Covariant and Lie Derivatives

Notation

g_{\mu\nu} is the metric, and \Gamma^\mu_{\alpha\beta} = \frac{1}{2} g^{\mu\nu} ( \partial_\alpha g_{\beta\nu} + \partial_\beta g_{\alpha\nu} - \partial_\nu g_{\alpha\beta}) are the Christoffel symbols.

\nabla_\mu is the covariant derivative, and \partial_\mu is the partial derivative with respect to x^\mu.

S is a scalar, V^\mu is a contravariant vector, and W_\mu is a covariant vector.

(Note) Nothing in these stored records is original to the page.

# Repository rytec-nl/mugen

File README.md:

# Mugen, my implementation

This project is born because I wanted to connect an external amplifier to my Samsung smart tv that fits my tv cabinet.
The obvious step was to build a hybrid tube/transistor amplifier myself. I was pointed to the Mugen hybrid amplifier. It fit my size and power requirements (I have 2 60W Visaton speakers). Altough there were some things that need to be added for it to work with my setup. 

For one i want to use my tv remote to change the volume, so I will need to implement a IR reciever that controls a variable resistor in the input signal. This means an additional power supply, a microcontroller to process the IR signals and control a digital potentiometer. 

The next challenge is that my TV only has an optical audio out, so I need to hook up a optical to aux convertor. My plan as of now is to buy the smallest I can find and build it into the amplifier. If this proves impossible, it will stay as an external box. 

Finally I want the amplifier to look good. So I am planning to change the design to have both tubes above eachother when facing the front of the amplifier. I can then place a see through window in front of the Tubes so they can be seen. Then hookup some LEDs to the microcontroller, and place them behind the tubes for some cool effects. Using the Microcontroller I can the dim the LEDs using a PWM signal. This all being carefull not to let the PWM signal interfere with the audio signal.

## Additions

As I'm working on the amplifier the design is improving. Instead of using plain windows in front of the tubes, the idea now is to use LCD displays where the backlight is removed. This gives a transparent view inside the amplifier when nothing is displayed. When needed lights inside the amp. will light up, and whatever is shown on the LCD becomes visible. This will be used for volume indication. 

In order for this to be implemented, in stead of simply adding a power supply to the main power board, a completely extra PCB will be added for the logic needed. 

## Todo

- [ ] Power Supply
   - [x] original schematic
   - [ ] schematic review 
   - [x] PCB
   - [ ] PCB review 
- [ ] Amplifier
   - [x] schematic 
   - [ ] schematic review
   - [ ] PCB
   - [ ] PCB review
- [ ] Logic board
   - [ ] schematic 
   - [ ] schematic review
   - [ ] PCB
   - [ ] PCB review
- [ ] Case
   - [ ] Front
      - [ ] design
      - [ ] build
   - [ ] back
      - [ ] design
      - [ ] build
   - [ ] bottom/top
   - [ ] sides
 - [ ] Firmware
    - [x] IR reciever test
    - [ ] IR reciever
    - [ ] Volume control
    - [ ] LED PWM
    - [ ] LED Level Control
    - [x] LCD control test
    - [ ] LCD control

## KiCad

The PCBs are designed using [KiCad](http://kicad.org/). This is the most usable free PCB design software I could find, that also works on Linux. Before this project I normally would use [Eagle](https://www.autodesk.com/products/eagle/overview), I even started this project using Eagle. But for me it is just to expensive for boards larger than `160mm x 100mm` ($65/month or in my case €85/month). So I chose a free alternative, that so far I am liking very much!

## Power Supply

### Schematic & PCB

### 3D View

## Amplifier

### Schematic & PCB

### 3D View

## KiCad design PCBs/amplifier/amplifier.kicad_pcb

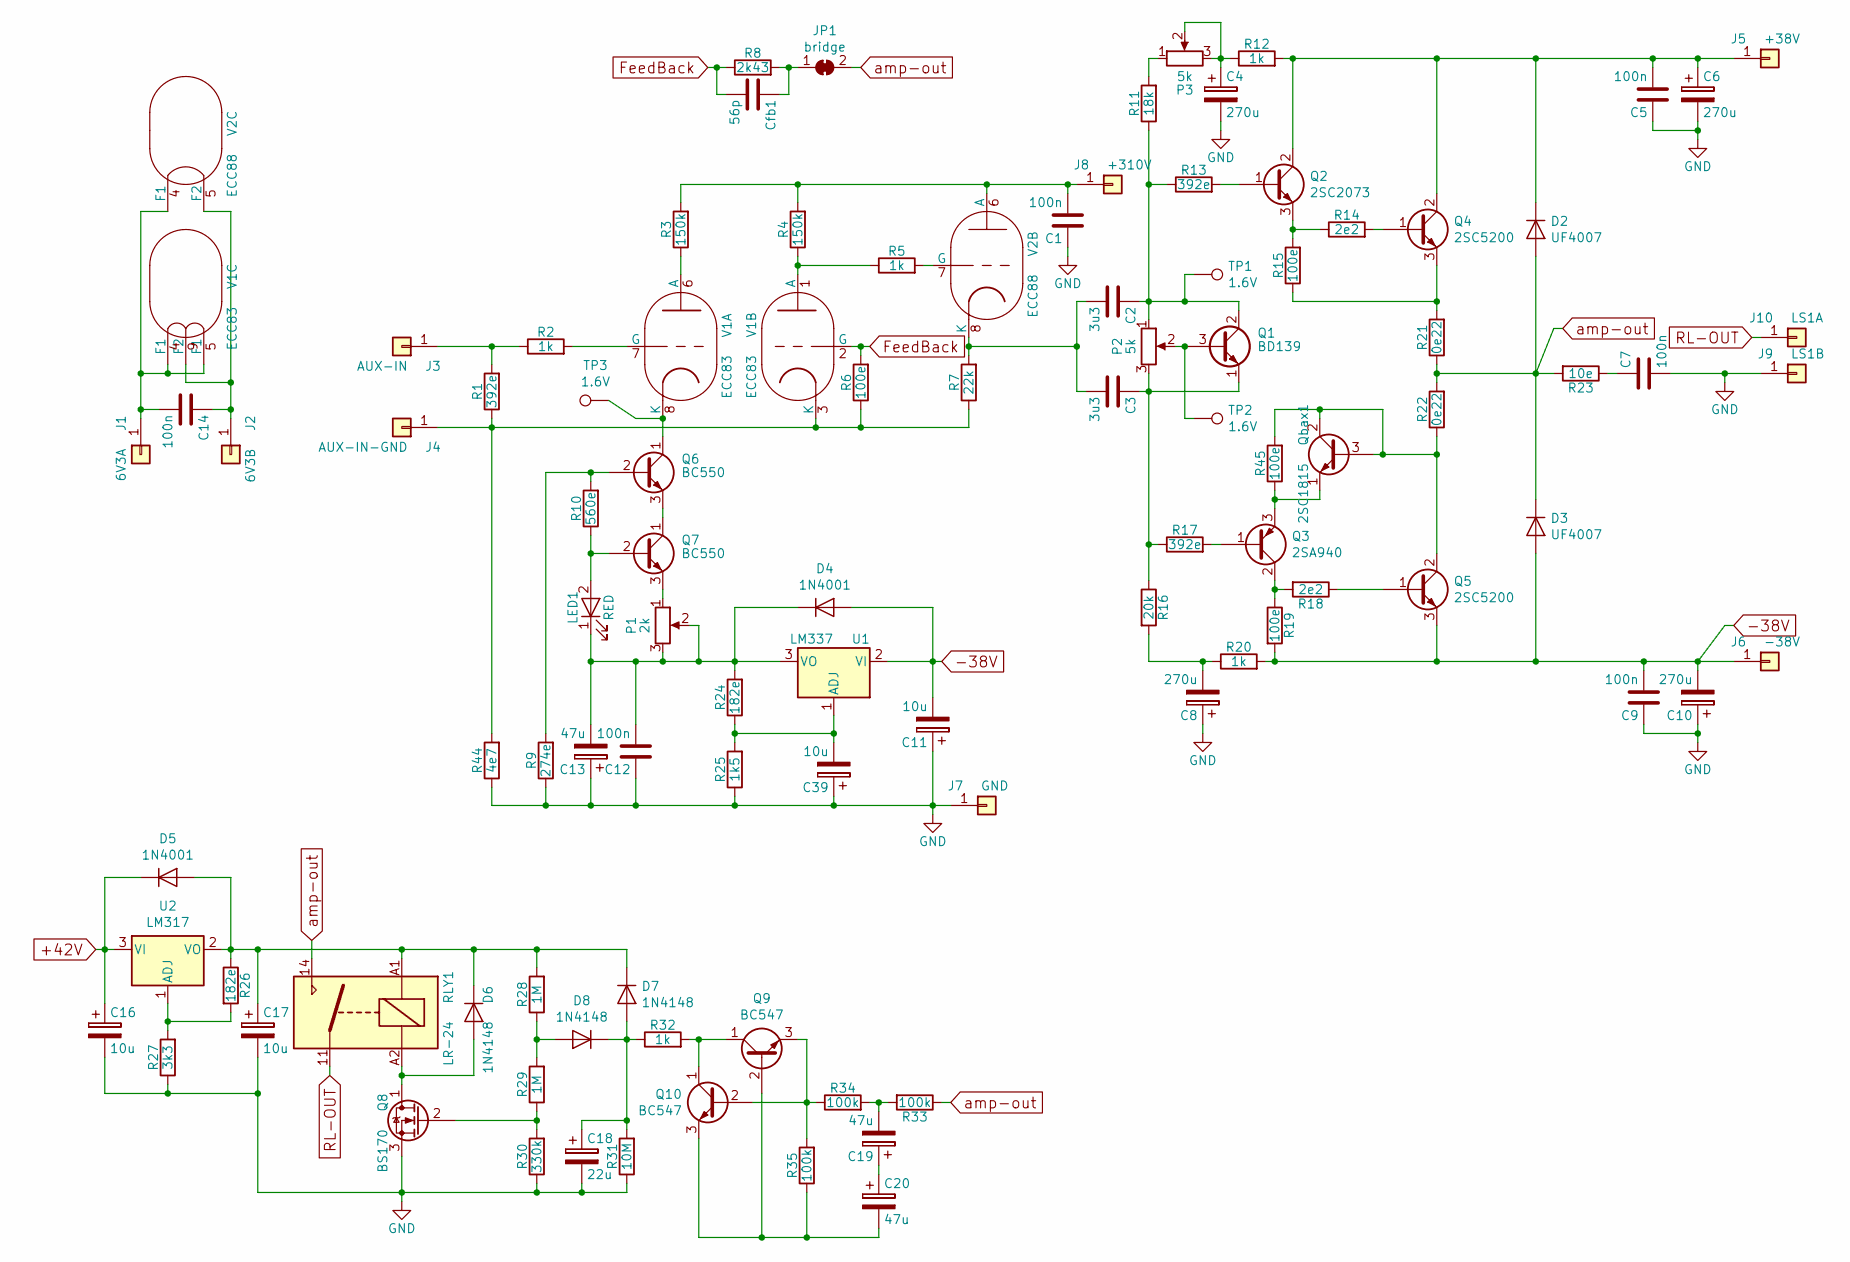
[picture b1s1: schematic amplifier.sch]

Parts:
C1: 100n; C_Rect_L16.5mm_W6.0mm_P15.00mm_MKT
C2, C3: 3u3; C_Rect_L41.5mm_W24.0mm_P37.50mm_MKS4
C4, C6, C8, C10: 270u; CP_Radial_D10.0mm_P3.80mm
C5, C9, C12, C14: 100n; C_Rect_L9.0mm_W3.8mm_P7.50mm_MKT
C7: 100n; C_Rect_L7.2mm_W5.5mm_P5.00mm_FKS2_FKP2_MKS2_MKP2
C11, C16, C17: 10u; CP_Radial_D6.3mm_P2.50mm
C13, C19, C20: 47u; CP_Radial_D10.0mm_P5.00mm
C18: 22u; CP_Radial_D6.3mm_P2.50mm
C39: 10u; CP_Radial_D5.0mm_P2.00mm
Cfb1: 56p; C_Disc_D5.0mm_W2.5mm_P2.50mm
D2, D3: UF4007; D_DO-41_SOD81_P10.16mm_Horizontal
D4, D5: 1N4001; D_DO-41_SOD81_P10.16mm_Horizontal
D6, D7, D8: 1N4148; D_DO-35_SOD27_P7.62mm_Horizontal
J1: 6V3A; SolderWirePad_single_2mmDrill
J2: 6V3B; SolderWirePad_single_2mmDrill
J3: AUX-IN; SolderWirePad_single_2mmDrill
J4: AUX-IN-GND; SolderWirePad_single_2mmDrill
J5: +38V; SolderWirePad_single_2mmDrill
J6: -38V; SolderWirePad_single_2mmDrill
J7: GND; SolderWirePad_single_2mmDrill
J8: +310V; SolderWirePad_single_2mmDrill
J9: LS1B; SolderWirePad_single_2mmDrill
J10: LS1A; SolderWirePad_single_2mmDrill
JP1: bridge; SolderJumper-2_P1.3mm_Bridged_RoundedPad1.0x1.5mm
LED1: RED; LED_D3.0mm
P1: 2k; Potentiometer_Bourns_3266Y_Vertical
P2, P3: 5k; Potentiometer_Bourns_3266Y_Vertical
Q1: BD139; TO-126_Vertical
Q2: 2SC2073; TO-220-3_Vertical
Q3: 2SA940; TO-220-3_Vertical
Q4, Q5: 2SC5200; TO-264_Vertical
Q6, Q7: BC550; TO-92
Q8: BS170; TO-92_Inline
Q9, Q10: BC547; TO-92
Qbax1: 2SC1815; TO-92
R1, R13, R17: 392e; R_Axial_DIN0207_L6.3mm_D2.5mm_P7.62mm_Horizontal
R2, R5, R12, R20, R32: 1k; R_Axial_DIN0207_L6.3mm_D2.5mm_P7.62mm_Horizontal
R3, R4: 150k; R_Axial_DIN0414_L11.9mm_D4.5mm_P15.24mm_Horizontal
R6, R15, R19, R45: 100e; R_Axial_DIN0207_L6.3mm_D2.5mm_P7.62mm_Horizontal
R7: 22k; R_Axial_DIN0414_L11.9mm_D4.5mm_P15.24mm_Horizontal
R8: 2k43; R_Axial_DIN0207_L6.3mm_D2.5mm_P7.62mm_Horizontal
R9: 274e; R_Axial_DIN0207_L6.3mm_D2.5mm_P7.62mm_Horizontal
R10: 560e; R_Axial_DIN0207_L6.3mm_D2.5mm_P7.62mm_Horizontal
R11: 18k; R_Axial_DIN0207_L6.3mm_D2.5mm_P7.62mm_Horizontal
R14, R18: 2e2; R_Axial_DIN0207_L6.3mm_D2.5mm_P7.62mm_Horizontal
R16: 20k; R_Axial_DIN0207_L6.3mm_D2.5mm_P7.62mm_Horizontal
R21, R22: 0e22; R_Axial_Power_L25.0mm_W9.0mm_P27.94mm
R23: 10e; R_Axial_DIN0414_L11.9mm_D4.5mm_P15.24mm_Horizontal
R24, R26: 182e; R_Axial_DIN0207_L6.3mm_D2.5mm_P7.62mm_Horizontal
R25: 1k5; R_Axial_DIN0207_L6.3mm_D2.5mm_P7.62mm_Horizontal
R27: 3k3; R_Axial_DIN0207_L6.3mm_D2.5mm_P7.62mm_Horizontal
R28, R29: 1M; R_Axial_DIN0207_L6.3mm_D2.5mm_P7.62mm_Horizontal
R30: 330k; R_Axial_DIN0207_L6.3mm_D2.5mm_P7.62mm_Horizontal
R31: 10M; R_Axial_DIN0207_L6.3mm_D2.5mm_P7.62mm_Horizontal
R33, R34, R35: 100k; R_Axial_DIN0207_L6.3mm_D2.5mm_P7.62mm_Horizontal
R44: 4e7; R_Axial_DIN0207_L6.3mm_D2.5mm_P7.62mm_Horizontal
RLY1: LR-24; Relay_SPST_Schrack-RP-II-1-16A-FormA_RM5mm
TP1, TP2, TP3: 1.6V; TestPoint_Pad_D1.0mm
U1: LM337; TO-220-3_Vertical
U2: LM317; TO-220-3_Vertical
V1: ECC83; Valve_ECC-83-2
V2: ECC88; Valve_ECC-83-2

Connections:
+42V: C16.1, D5.1 (K), U2.3 (VI)
-38V: C9.2, C10.2, C11.2, D3.2 (A), D4.2 (A), J6.1, Q5.3 (E), R19.2, R20.2, U1.2 (VI)
FeedBack: Cfb1.2, R6.2, R8.1, V1.2 (G)
GND: C1.1, C4.2, C5.1, C6.2, C7.2, C8.1, C9.1, C10.1, C11.1, C12.1, C13.1, C16.2, C17.2, C18.2, C39.1, J7.1, J9.1, Q8.3 (S), R9.1, R25.1, R27.1, R30.1, R31.1, R44.1
unnamed: C1.2, J8.1, R3.2, R4.2, V2.6 (A)
unnamed: C2.1, P2.1, Q1.2 (C), R11.1, R13.1, TP1.1
unnamed: C2.2, C3.2, R7.2, V2.8 (K)
unnamed: C3.1, P2.3, Q1.1 (E), R16.1, R17.1
unnamed: C4.1, P3.2, P3.3, R12.1
unnamed: C5.2, C6.1, D2.1 (K), J5.1, Q2.2 (C), Q4.2 (C), R12.2
unnamed: C7.1, R23.1
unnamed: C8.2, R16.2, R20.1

\rho is a scalar density of weight 1, and \rho^w is a scalar density of weight w. (Note that \sqrt{-g} is a density of weight 1, where g is the determinant of the metric. It follows that \rho/\sqrt{-g} is a scalar.)

Covariant Derivatives

Covariant derivatives are defined by

(1)   \begin{eqnarray*}   \nabla_\alpha S & = & \partial_\alpha S \\   \nabla_\alpha V^\mu & = & \partial_\alpha V^\mu + \Gamma^\mu_{\alpha\nu} V^\nu \\   \nabla_\alpha W_\mu & = & \partial_\alpha W_\mu - \Gamma^\nu_{\alpha\mu} W_\nu \\   \nabla_\alpha \rho & = & \partial_\alpha \rho - \rho \Gamma^\beta_{\alpha\beta}       = \sqrt{-g} \,\partial_\alpha (\rho/\sqrt{-g}) \\   \nabla_\alpha \rho^w & = & \partial_\alpha \rho^w - w \rho^w \Gamma^\beta_{\alpha\beta}       = \sqrt{-g}^w \,\partial_\alpha (\rho^w/\sqrt{-g}^w)  \end{eqnarray*}

The extension to tensors of different types is straightforward. Note the useful result for the divergence of a vector field:

    \[ \sqrt{-g} \nabla_\alpha V^\alpha = \partial_\alpha (\sqrt{-g} V^\alpha) \]

Lie Derivatives

Lie derivatives with respect to a vector field \beta^\mu are defined by

(2)   \begin{eqnarray*} {\mathcal L}_\beta S & = & \beta^\alpha \partial_\alpha S \\ {\mathcal L}_\beta V^\mu & = & \beta^\alpha \partial_\alpha V^\mu - V^\alpha \partial_\alpha \beta^\mu \\ {\mathcal L}_\beta W_\mu & = & \beta^\alpha \partial_\alpha W_\mu + W_\alpha \partial_\mu \beta^\alpha \\ {\mathcal L}_\beta \rho & = & \partial_\alpha(\rho \beta^\alpha) \\ {\mathcal L}_\beta \rho^w & = & \beta^\alpha \partial_\alpha \rho^w + w\rho^w \partial_\alpha \beta^\alpha \end{eqnarray*}

The extension to tensors of different type is straightforward. Lie derivatives do not rely on the presence of a metric for their definitions. When a metric is present, they can be written in terms of covariant derivatives by simply replacing \partial with \nabla in the formulas above. Note the useful result for the Lie derivative of the metric tensor:

    \[ {\mathcal L}_\beta g_{\mu\nu} = \nabla_\mu \beta_\nu + \nabla_\nu \beta_\mu \]

A Killing vector field K^\mu satisfies {\mathcal L}_K g_{\mu\nu} = 2\nabla_{(\mu}K_{\nu)} = 0.